In March, I became the director of the FDA’s Center for Tobacco Products (CTP), after spending more than three decades working on FDA-related issues, including a seven-year stint at FDA from 1993-2000. From 1997-2000 I was the first director of the agency’s office of tobacco programs. Since I returned FDA, CTP has made significant progress on many fronts. I look forward to discussing my strategic goals and priorities for the future blog post, but today I want to share some information about priority-review decisions regarding tobacco products.
Today, for the first time since received FDA authority to regulate tobacco products identified, the agency authorized the marketing of two new tobacco products through substantial equivalence (SE) pathway, while denying the marketing of the four other new products.

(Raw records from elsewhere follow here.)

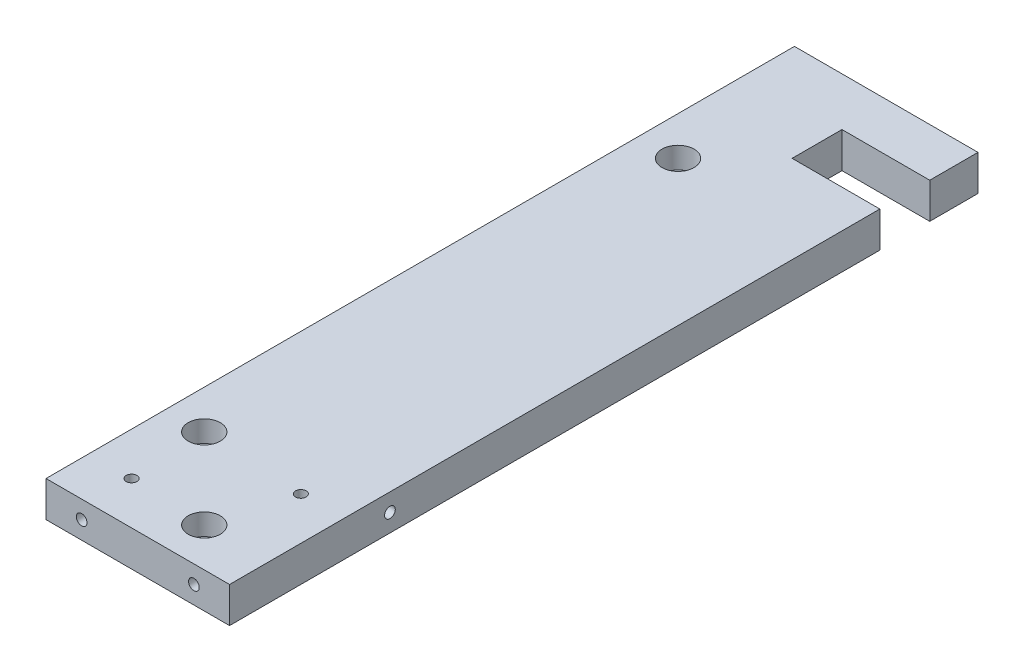
from build123d import *

# Parameters (mm, degrees)
EXTRUDE_1_DEPTH     = 5
SKETCH_1_12_R       = 1.5
CUT_EXTRUDE_1_DEPTH = 109.226902848
CUT_EXTRUDE_START   = 5
SKETCH_1_13_R       = 2.25
CUT_EXTRUDE_3_DEPTH = 3
SKETCH_2_R          = 0.75
CUT_EXTRUDE_4_DEPTH = 2
SKETCH_3_R          = 0.75
CUT_EXTRUDE_5_DEPTH = 2
SKETCH_4_R          = 0.75
CUT_EXTRUDE_6_DEPTH = 109.226902848
SKETCH_5_R          = 0.75
CUT_EXTRUDE_7_DEPTH = 2


with BuildPart() as part:
    # 草图1 → 凸台-拉伸1 (new body)
    with BuildSketch(Plane(origin=(0, 0, 0), x_dir=(1, 0, 0), z_dir=(0, 1, 0))):
        Polygon((-25.75, 0), (0, 0), (0, 91.231745931), (-12.313708499, 91.231745931), (-12.313708499, 98.231745931), (0, 98.231745931), (0, 105), (-25.75, 105), align=None)
    extrude(amount=EXTRUDE_1_DEPTH)

    # 草图1<12> → 切除-拉伸1 (cut, through all)
    with BuildSketch(Plane(origin=(0, 0, 0), x_dir=(1, 0, 0), z_dir=(0, 1, 0))):
        with Locations(Location((-20.313708499, 83.231745931, 0), (0, 0, 270))):
            Circle(SKETCH_1_12_R)
        with Locations(Location((-20.313708499, 16.763708499, 0), (0, 0, 270))):
            Circle(SKETCH_1_12_R)
        with Locations(Location((-9, 5.45, 0), (0, 0, 270))):
            Circle(SKETCH_1_12_R)
    extrude(amount=CUT_EXTRUDE_1_DEPTH, mode=Mode.SUBTRACT)

    # 草图1<13> → 切除-拉伸3 (cut)
    with BuildSketch(Plane(origin=(0, 0, 0), x_dir=(1, 0, 0), z_dir=(0, 1, 0)).offset(CUT_EXTRUDE_START)):
        with Locations(Location((-20.313708499, 83.231745931, 0), (0, 0, 270))):
            Circle(SKETCH_1_13_R)
        with Locations(Location((-9, 5.45, 0), (0, 0, 270))):
            Circle(SKETCH_1_13_R)
        with Locations(Location((-20.313708499, 16.763708499, 0), (0, 0, 270))):
            Circle(SKETCH_1_13_R)
    extrude(amount=-CUT_EXTRUDE_3_DEPTH, mode=Mode.SUBTRACT)

    # 草图2 → 切除-拉伸4 (cut)
    with BuildSketch(Plane.XY):
        with Locations((-20.75, 2.5)):
            Circle(SKETCH_2_R)
        with Locations((-5, 2.5)):
            Circle(SKETCH_2_R)
    extrude(amount=-CUT_EXTRUDE_4_DEPTH, mode=Mode.SUBTRACT)

    # 草图3 → 切除-拉伸5 (cut)
    with BuildSketch(Plane(origin=(0, 0, 0), x_dir=(0, 0, -1), z_dir=(1, 0, 0))):
        with Locations((22.5, 2.5)):
            Circle(SKETCH_3_R)
    extrude(amount=-CUT_EXTRUDE_5_DEPTH, mode=Mode.SUBTRACT)

    # 草图4 → 切除-拉伸6 (cut, through all)
    with BuildSketch(Plane(origin=(0, 5, 0), x_dir=(1, 0, 0), z_dir=(0, 1, 0))):
        with Locations(Location((-6, 16, 0), (0, 0, 270))):
            Circle(SKETCH_4_R)
        with Locations(Location((-19.75, 6, 0), (0, 0, 270))):
            Circle(SKETCH_4_R)
    extrude(amount=-CUT_EXTRUDE_6_DEPTH, mode=Mode.SUBTRACT)

    # 草图5 → 切除-拉伸7 (cut)
    with BuildSketch(Plane.ZY.offset(25.75)):
        with Locations((-10, 2.5)):
            Circle(SKETCH_5_R)
        with Locations((-50, 2.5)):
            Circle(SKETCH_5_R)
        with Locations((-70, 2.5)):
            Circle(SKETCH_5_R)
        with Locations((-90, 2.5)):
            Circle(SKETCH_5_R)
        with Locations((-30, 2.5)):
            Circle(SKETCH_5_R)
    extrude(amount=-CUT_EXTRUDE_7_DEPTH, mode=Mode.SUBTRACT)


solid = part.part
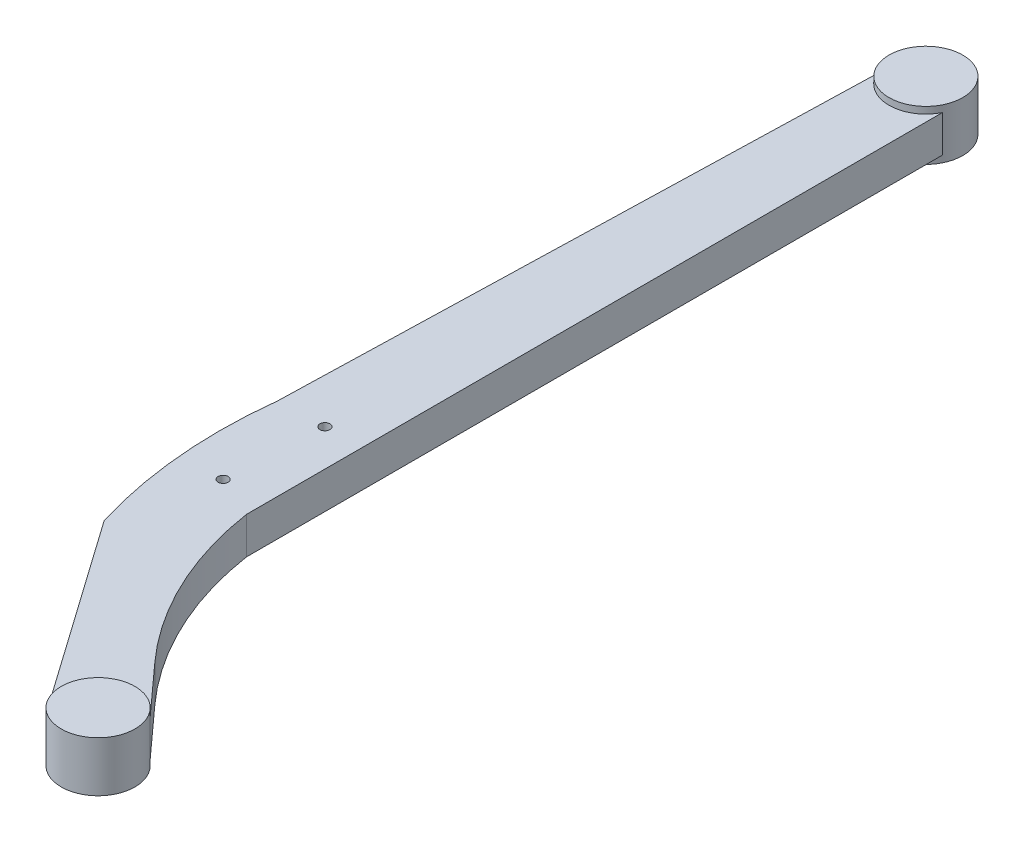
from build123d import *

# Parameters (mm, degrees)
BOSS_EXTRUDE1_DEPTH      = 55
BOSS_EXTRUDE2_DEPTH      = 10
BOSS_EXTRUDE2_DEPTH_BACK = 65
SKETCH2_R                = 55
SKETCH3_R                = 7.522289104
CUT_EXTRUDE1_DEPTH       = 1000.987090528


with BuildPart() as part:
    # Sketch1 → Boss-Extrude1 (new body)
    with BuildSketch(Plane(origin=(0, 0, 0), x_dir=(1, 0, 0), z_dir=(0, 1, 0))):
        with BuildLine():
            Line((0, -140.97167407), (0, 921.782563534))
            Line((0, 921.782563534), (-98.380397364, 921.782563534))
            Line((-98.380397364, 921.782563534), (-123.405755698, 28.326097488))
            ThreePointArc((-123.405755698, 28.326097488), (-125.417562899, -114.522053174), (-98.380397364, -254.80260491))
            Line((-98.380397364, -254.80260491), (108.641172319, -548.724400702))
            Line((108.641172319, -548.724400702), (189.500983305, -474.147655215))
            Line((189.500983305, -474.147655215), (123.733893044, -401.532470648))
            ThreePointArc((123.733893044, -401.532470648), (42.669425171, -280.368501556), (0, -140.97167407))
        make_face()
    extrude(amount=BOSS_EXTRUDE1_DEPTH)

    # Sketch2 → Boss-Extrude2 (add, two sides: drawn at the far end of the back side and taken through both)
    with BuildSketch(Plane(origin=(0, 55, 0), x_dir=(1, 0, 0), z_dir=(0, 1, 0)).offset(-BOSS_EXTRUDE2_DEPTH_BACK)):
        with Locations(Location((149.071077812, -511.436027959, 0), (0, 0, 270))):
            Circle(SKETCH2_R)
        with Locations(Location((-49.190198682, 921.782563534, 0), (0, 0, 270))):
            Circle(SKETCH2_R)
    extrude(amount=BOSS_EXTRUDE2_DEPTH + BOSS_EXTRUDE2_DEPTH_BACK)

    # Sketch3 → Cut-Extrude1 (cut, through all)
    with BuildSketch(Plane(origin=(0, 55, 0), x_dir=(1, 0, 0), z_dir=(0, 1, 0))):
        with Locations(Location((-54.735242724, 30.764070808, 0), (0, 0, 270))):
            Circle(SKETCH3_R)
        with Locations(Location((-62.623286792, -113.195627247, 0), (0, 0, 270))):
            Circle(SKETCH3_R)
    extrude(amount=-CUT_EXTRUDE1_DEPTH, mode=Mode.SUBTRACT)


solid = part.part
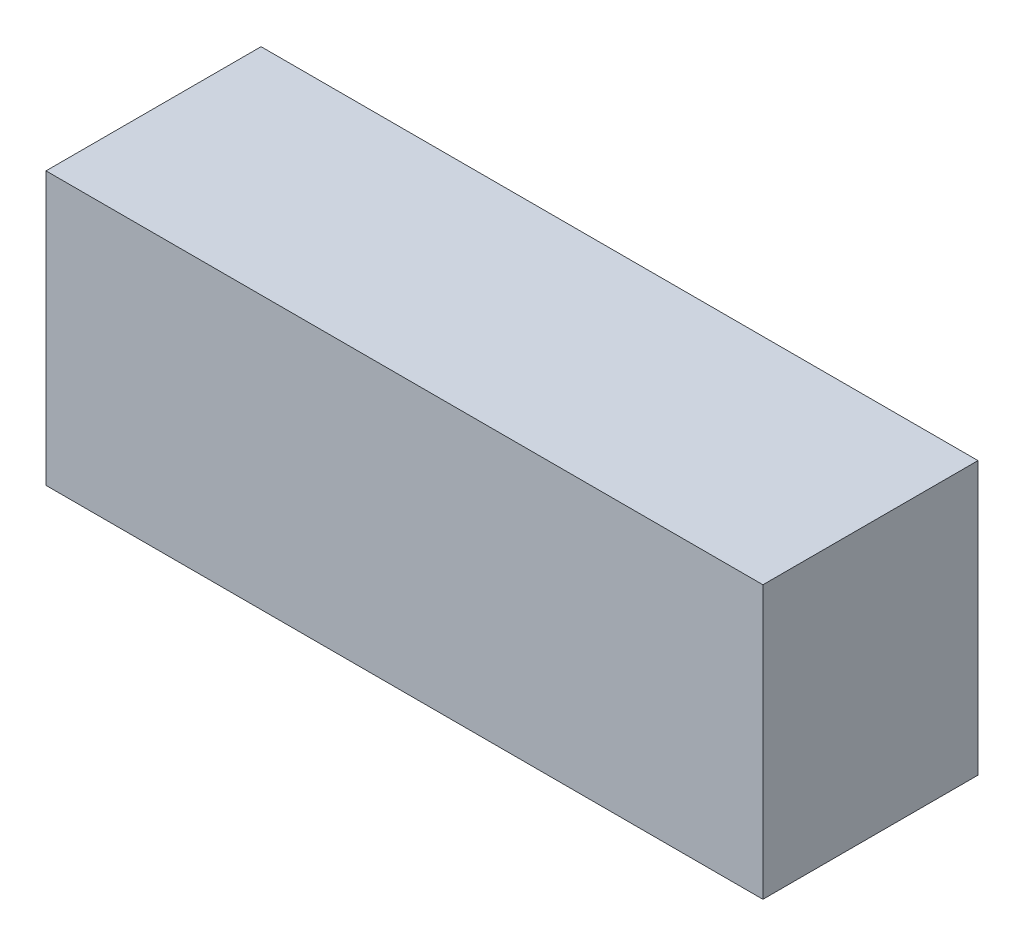
from build123d import *

# Parameters (mm, degrees)
SKETCH1_W           = 30
SKETCH1_H           = 9
BOSS_EXTRUDE1_DEPTH = 11.4


with BuildPart() as part:
    # Sketch1 → Boss-Extrude1 (new body)
    with BuildSketch(Plane(origin=(0, 0, 0), x_dir=(1, 0, 0), z_dir=(0, 1, 0))):
        with Locations((-0.595890411, -1.140410959)):
            Rectangle(SKETCH1_W, SKETCH1_H)
    extrude(amount=BOSS_EXTRUDE1_DEPTH)


solid = part.part

These actions are unprecedented and mark the beginning of other upcoming decisions related to the marketing of new tobacco products. Substantial equivalence is one way manufacturers can use to market new tobacco product. To do this, the manufacturer must prove that their product has the same characteristics as the actual formerly marketed tobacco products, which we call the predicate product, or if the new product has different characteristics that it does not raise different questions of public health.
SE representations require careful study. FDA is responsible for protecting public health, and to do that, we are working to ensure that any new tobacco product brought to market by the way does not introduce more harm to public health than the actual product predicate specified by the manufacturer.
Today’s SE orders allow the marketing of two new Lorillard Tobacco Company Tobacco Newport Non-Menthol gold box 100s and Newport Non-Menthol gold box. The agency has found these two products are substantially equivalent to the predicate products based on materials of the company and other readily available science and information to demonstrate that each product will not pose more harm to public health than the predicate.
It is important to emphasize that the decision does not in itself mean that the Agency considers the product to be safe, and its not-FDA approved. SE decision only means that the new product does not cause various public health issues, compared to the predicate product.
The FDA has also released the first non-equivalent, or NSE, orders denying marketing of four new tobacco products after discovering that the products have different characteristics from their products predicate and that the applicant does not fully show that the new products did not raise different questions of public health.
FDA had been working diligently to address all the pending SE submissions. We know it took some time, but expect that the process will move more quickly in the future all the participants get more experience. FDA proposed to feedback from the industry about the requirements for substantial equivalence, and will continue to provide such feedback. We also created a new Web page that tracks SE decision on the date and provides general information on how the FDA to market new tobacco products. Our goal is to work through the remaining SE submissions in a consistent, transparent and predictable manner.